Leaving out every picture, retype the lines below from the top through the one that contains "#7=PRODUCT_DEFINITION_CONTEXT('part definition',#1,'design');".
[Provided records Boundary: Start]
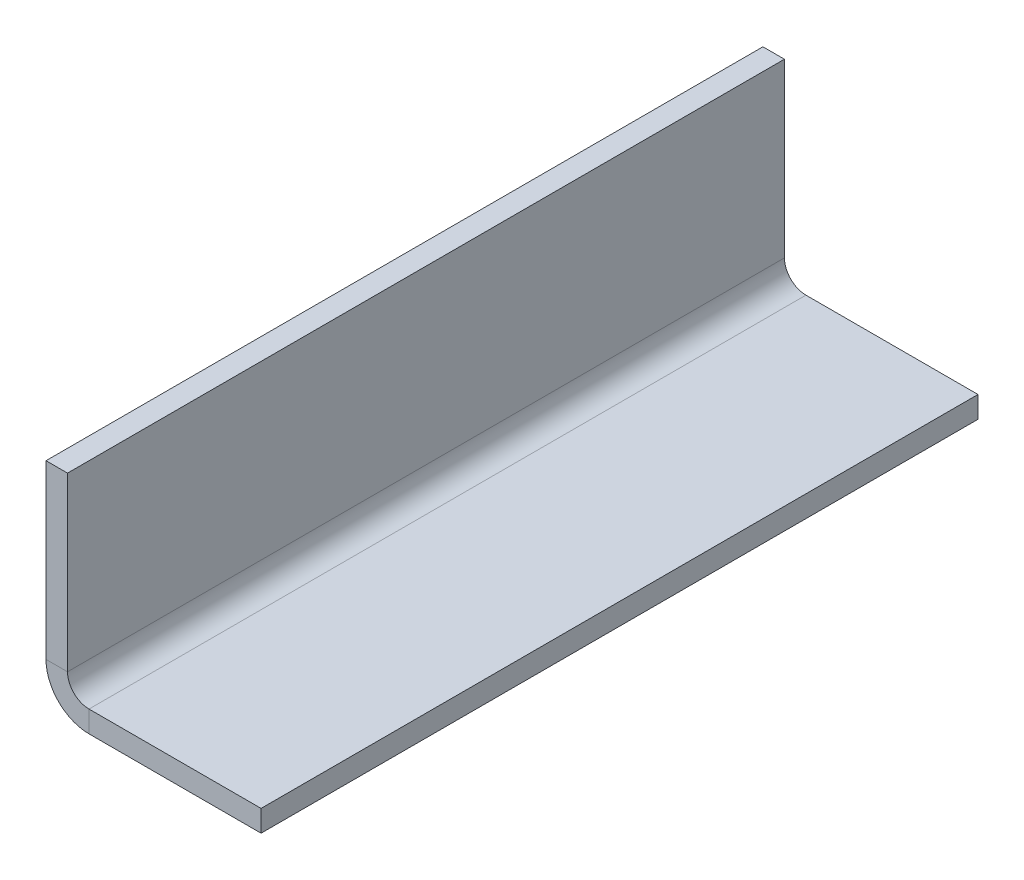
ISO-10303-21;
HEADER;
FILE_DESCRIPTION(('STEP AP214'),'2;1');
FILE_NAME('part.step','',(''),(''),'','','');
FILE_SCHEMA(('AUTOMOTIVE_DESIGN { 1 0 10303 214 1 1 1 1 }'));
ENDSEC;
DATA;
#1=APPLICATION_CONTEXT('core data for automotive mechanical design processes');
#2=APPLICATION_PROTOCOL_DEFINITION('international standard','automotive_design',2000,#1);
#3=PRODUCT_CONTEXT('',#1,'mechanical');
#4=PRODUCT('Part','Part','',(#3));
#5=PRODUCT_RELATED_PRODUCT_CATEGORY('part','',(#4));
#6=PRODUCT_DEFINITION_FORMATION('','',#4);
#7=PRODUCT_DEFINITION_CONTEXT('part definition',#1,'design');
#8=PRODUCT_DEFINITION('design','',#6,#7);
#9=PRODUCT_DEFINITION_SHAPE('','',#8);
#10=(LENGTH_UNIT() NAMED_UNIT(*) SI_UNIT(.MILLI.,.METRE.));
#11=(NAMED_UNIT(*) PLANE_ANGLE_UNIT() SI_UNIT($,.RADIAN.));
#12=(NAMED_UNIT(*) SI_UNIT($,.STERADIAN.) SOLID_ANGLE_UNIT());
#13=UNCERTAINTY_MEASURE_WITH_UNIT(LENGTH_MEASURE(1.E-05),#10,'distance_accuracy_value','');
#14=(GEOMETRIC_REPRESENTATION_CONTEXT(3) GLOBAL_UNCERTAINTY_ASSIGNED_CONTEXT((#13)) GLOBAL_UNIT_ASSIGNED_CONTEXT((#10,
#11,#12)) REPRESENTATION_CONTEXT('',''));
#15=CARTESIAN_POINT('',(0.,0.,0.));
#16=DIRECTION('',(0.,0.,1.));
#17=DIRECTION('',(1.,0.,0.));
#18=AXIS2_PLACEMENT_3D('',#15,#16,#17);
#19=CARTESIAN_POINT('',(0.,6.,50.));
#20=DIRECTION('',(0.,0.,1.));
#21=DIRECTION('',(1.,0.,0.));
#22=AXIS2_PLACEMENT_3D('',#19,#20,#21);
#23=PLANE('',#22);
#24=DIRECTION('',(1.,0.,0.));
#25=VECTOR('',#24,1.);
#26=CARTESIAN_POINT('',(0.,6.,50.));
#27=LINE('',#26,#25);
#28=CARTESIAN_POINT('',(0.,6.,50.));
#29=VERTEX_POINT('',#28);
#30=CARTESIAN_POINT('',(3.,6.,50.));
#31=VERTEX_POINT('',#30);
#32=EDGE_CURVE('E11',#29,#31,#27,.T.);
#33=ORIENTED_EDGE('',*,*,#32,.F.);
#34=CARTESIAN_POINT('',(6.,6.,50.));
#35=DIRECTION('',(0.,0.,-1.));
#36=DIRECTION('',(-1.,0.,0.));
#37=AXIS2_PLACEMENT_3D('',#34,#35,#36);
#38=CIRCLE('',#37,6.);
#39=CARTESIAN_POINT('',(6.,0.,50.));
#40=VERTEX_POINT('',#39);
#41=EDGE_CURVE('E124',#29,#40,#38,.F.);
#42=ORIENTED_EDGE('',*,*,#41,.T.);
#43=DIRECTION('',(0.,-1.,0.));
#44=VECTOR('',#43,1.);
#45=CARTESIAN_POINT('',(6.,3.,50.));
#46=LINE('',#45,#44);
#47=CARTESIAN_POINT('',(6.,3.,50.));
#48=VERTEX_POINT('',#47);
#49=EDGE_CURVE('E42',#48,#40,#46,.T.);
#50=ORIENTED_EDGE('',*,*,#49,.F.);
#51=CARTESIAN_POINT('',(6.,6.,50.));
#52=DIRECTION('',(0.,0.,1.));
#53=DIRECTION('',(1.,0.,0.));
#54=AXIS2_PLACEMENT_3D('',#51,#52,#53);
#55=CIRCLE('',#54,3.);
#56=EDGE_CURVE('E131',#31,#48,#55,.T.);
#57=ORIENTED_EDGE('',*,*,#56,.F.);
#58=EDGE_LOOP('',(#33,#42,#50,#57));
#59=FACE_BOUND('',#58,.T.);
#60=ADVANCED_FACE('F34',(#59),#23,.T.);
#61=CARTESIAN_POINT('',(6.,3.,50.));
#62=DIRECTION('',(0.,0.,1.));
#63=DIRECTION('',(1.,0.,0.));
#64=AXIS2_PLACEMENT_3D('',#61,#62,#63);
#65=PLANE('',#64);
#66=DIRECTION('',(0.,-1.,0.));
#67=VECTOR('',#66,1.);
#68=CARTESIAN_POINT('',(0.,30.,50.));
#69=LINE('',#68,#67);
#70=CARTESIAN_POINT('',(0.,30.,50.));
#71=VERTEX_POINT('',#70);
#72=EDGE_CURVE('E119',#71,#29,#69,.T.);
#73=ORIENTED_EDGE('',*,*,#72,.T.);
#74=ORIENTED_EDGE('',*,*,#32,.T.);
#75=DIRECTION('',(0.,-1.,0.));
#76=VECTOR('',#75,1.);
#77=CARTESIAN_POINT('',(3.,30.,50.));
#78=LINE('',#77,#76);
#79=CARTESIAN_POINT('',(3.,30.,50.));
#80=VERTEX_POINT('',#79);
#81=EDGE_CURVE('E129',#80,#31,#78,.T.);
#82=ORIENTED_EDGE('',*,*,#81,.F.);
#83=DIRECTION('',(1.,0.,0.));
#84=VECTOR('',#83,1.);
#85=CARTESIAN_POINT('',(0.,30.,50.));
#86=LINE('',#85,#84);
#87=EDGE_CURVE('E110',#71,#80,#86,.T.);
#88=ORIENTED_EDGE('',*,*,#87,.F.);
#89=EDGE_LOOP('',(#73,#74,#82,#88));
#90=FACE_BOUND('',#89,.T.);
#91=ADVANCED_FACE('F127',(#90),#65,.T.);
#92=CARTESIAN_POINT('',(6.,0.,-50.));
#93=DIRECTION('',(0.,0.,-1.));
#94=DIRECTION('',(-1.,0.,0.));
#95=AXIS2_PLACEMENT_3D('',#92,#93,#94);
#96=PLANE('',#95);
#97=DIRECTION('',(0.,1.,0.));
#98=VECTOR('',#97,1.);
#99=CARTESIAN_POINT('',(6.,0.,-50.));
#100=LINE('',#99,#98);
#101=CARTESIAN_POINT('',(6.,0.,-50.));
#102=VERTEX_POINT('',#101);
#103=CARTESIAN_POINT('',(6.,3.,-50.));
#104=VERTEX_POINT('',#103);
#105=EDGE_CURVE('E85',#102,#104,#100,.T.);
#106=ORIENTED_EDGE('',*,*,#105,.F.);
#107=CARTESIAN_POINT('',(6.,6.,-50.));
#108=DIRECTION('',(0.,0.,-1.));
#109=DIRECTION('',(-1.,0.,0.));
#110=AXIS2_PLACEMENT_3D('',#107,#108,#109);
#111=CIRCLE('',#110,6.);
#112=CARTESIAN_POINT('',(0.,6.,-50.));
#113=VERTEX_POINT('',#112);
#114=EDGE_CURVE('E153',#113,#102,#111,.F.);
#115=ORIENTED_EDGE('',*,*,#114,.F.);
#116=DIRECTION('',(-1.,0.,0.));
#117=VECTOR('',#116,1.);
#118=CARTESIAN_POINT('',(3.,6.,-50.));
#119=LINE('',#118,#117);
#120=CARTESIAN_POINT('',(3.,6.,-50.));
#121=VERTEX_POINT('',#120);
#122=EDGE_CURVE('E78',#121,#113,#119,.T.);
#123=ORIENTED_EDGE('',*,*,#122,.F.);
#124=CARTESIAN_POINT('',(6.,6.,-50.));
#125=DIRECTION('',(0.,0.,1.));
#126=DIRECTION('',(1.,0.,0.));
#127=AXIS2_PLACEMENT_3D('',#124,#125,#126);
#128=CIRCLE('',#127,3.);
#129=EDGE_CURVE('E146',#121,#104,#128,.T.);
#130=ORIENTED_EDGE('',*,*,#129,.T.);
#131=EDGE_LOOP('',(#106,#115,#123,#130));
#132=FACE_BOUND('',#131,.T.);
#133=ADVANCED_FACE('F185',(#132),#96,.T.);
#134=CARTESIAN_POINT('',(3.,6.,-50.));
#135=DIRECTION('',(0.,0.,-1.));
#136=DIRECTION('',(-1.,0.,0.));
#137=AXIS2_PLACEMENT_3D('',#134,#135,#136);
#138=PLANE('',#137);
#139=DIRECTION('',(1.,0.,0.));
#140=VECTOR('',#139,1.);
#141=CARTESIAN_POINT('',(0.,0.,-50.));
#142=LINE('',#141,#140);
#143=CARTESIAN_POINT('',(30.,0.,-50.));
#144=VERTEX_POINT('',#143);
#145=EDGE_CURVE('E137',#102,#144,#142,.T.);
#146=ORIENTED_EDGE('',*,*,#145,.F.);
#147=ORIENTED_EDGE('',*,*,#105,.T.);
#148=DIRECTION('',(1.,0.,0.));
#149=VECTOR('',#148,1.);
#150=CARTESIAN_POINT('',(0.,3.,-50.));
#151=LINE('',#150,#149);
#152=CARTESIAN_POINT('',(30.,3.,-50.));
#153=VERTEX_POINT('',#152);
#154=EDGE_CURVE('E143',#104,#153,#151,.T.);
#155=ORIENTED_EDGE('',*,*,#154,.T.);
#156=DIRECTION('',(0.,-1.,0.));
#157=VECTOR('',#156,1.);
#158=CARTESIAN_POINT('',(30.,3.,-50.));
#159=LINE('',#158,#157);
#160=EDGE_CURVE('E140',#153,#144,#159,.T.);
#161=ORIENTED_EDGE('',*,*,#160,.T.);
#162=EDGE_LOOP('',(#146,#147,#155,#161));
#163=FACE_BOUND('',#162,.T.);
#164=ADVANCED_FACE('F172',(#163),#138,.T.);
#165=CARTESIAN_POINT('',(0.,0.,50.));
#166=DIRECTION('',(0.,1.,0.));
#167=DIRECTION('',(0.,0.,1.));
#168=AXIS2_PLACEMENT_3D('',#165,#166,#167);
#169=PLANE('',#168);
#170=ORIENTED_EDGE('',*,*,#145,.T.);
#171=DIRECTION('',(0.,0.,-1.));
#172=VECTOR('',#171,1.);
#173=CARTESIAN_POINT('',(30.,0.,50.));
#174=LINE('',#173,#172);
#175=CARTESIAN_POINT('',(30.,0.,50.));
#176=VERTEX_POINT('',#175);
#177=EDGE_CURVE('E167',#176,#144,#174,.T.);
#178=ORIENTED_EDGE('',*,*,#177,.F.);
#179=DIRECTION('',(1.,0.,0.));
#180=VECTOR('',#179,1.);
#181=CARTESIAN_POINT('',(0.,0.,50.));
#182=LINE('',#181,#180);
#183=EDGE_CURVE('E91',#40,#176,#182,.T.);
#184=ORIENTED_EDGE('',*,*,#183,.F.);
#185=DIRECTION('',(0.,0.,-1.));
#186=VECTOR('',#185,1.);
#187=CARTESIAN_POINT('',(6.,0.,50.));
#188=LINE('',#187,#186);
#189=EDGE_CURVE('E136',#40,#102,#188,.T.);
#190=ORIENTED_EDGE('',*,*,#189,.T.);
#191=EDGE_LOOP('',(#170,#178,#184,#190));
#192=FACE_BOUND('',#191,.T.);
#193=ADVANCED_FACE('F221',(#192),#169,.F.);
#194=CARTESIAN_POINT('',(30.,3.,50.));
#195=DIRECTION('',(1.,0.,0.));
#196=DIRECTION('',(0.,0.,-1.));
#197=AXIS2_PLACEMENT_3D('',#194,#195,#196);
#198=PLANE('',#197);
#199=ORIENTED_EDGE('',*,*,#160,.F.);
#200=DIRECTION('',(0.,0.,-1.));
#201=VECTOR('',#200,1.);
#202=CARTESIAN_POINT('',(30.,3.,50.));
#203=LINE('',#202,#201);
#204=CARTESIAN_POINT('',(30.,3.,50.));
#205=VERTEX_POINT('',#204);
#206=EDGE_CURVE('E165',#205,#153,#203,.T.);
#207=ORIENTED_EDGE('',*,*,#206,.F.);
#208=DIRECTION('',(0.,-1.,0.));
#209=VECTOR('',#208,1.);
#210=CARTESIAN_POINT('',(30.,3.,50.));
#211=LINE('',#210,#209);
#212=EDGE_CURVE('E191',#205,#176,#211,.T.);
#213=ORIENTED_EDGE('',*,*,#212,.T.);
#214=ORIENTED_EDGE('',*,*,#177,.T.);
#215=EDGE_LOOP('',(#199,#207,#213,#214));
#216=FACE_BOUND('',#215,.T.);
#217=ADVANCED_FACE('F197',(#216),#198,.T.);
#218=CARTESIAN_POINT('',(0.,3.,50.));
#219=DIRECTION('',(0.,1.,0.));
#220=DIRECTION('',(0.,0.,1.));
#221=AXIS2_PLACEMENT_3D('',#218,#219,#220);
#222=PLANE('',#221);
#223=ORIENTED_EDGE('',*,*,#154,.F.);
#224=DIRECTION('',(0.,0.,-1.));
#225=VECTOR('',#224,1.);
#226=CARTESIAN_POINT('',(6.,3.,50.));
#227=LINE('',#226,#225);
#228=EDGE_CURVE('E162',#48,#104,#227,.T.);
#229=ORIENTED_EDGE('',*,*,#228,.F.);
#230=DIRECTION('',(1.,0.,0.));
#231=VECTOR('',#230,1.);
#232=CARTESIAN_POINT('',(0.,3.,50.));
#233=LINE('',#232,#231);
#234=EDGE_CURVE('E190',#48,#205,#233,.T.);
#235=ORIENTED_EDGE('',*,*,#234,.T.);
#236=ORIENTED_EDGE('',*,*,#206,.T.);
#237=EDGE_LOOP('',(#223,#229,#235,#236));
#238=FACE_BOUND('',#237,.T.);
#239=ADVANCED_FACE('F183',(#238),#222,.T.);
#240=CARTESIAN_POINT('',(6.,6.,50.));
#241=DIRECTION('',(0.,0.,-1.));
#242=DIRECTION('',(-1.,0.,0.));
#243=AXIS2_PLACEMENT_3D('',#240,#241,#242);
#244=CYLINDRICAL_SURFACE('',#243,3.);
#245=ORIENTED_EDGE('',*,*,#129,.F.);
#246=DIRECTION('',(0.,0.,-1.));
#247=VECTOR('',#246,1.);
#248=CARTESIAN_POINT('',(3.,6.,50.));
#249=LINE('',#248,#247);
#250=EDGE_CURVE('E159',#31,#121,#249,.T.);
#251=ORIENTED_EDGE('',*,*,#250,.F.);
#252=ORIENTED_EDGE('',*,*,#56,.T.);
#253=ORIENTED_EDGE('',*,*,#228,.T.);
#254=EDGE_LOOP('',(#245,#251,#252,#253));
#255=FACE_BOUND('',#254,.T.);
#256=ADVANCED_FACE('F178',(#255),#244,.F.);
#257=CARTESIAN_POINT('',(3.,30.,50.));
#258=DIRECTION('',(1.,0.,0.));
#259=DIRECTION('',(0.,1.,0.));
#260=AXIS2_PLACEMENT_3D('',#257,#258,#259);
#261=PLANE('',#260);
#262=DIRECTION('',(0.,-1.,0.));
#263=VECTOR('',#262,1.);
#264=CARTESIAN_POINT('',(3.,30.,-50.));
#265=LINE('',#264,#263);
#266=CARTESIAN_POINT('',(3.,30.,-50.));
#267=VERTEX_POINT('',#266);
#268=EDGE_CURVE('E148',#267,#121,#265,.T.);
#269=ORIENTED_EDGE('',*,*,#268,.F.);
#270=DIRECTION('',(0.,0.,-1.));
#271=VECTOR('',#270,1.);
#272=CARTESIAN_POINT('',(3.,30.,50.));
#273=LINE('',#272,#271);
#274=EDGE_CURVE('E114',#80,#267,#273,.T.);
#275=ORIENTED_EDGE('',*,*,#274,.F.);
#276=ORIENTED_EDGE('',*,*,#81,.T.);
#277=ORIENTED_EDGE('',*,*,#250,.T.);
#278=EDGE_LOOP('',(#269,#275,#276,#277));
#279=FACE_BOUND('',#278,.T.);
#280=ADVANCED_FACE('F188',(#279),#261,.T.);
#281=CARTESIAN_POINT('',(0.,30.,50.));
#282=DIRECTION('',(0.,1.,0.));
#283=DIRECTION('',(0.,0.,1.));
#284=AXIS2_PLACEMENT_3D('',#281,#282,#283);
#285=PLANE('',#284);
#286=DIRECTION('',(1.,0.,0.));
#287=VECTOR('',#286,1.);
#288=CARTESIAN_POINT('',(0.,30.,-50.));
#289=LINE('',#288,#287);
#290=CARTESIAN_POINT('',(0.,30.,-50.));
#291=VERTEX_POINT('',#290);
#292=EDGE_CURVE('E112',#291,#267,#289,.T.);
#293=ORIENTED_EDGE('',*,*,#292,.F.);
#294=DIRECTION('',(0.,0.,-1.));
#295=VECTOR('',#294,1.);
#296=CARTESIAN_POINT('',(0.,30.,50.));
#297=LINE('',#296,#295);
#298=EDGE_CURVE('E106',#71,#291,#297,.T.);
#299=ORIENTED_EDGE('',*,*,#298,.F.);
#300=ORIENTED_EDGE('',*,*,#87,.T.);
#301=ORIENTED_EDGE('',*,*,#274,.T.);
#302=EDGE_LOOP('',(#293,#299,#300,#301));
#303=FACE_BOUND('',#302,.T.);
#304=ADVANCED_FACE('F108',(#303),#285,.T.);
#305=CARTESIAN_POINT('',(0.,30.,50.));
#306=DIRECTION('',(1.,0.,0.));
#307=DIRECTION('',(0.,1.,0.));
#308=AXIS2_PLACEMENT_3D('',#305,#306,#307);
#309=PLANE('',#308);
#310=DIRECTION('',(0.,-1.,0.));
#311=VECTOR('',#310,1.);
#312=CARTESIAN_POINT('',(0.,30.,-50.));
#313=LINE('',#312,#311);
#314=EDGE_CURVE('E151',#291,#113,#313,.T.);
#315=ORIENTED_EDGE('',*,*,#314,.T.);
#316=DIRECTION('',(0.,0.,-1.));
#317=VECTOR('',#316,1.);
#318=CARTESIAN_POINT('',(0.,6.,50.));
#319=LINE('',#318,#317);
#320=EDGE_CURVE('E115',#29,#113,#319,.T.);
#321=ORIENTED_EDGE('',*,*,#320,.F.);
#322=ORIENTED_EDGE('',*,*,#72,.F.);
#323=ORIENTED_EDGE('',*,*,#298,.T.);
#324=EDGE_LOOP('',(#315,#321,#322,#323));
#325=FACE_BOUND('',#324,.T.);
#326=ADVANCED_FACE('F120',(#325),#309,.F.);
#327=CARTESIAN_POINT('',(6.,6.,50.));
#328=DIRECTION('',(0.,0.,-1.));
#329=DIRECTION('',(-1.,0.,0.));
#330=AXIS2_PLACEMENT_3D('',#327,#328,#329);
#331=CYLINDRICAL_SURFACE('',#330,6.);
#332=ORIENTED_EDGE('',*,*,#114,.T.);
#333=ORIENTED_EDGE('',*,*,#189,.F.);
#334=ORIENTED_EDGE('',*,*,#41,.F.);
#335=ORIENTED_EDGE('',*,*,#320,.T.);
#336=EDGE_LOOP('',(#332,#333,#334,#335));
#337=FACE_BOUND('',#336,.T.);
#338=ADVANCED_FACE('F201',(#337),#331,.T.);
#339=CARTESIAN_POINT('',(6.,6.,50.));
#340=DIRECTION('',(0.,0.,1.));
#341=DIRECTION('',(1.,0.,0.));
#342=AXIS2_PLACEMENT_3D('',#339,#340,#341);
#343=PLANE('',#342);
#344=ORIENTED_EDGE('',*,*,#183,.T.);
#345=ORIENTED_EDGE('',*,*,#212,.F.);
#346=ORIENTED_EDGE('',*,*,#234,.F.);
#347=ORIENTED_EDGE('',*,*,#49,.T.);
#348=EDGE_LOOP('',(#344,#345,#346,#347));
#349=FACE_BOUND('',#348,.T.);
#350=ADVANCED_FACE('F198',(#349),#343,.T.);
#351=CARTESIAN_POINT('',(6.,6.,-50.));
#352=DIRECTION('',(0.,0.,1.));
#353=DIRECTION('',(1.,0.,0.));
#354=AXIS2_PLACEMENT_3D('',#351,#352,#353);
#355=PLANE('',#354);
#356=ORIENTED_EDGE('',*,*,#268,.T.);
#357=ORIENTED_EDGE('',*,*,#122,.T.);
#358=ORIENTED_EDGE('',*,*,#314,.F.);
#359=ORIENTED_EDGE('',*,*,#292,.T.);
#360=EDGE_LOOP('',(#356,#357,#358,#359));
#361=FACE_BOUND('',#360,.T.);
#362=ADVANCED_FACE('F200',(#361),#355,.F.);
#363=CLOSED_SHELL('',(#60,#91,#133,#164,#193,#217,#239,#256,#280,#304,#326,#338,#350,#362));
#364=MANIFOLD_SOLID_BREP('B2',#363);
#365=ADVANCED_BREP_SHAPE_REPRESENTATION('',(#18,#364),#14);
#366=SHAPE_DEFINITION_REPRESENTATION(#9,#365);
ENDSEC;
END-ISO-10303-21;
[Provided records Boundary: End]
— Worked solution —
ISO-10303-21;
HEADER;
FILE_DESCRIPTION(('STEP AP214'),'2;1');
FILE_NAME('part.step','',(''),(''),'','','');
FILE_SCHEMA(('AUTOMOTIVE_DESIGN { 1 0 10303 214 1 1 1 1 }'));
ENDSEC;
DATA;
#1=APPLICATION_CONTEXT('core data for automotive mechanical design processes');
#2=APPLICATION_PROTOCOL_DEFINITION('international standard','automotive_design',2000,#1);
#3=PRODUCT_CONTEXT('',#1,'mechanical');
#4=PRODUCT('Part','Part','',(#3));
#5=PRODUCT_RELATED_PRODUCT_CATEGORY('part','',(#4));
#6=PRODUCT_DEFINITION_FORMATION('','',#4);
#7=PRODUCT_DEFINITION_CONTEXT('part definition',#1,'design');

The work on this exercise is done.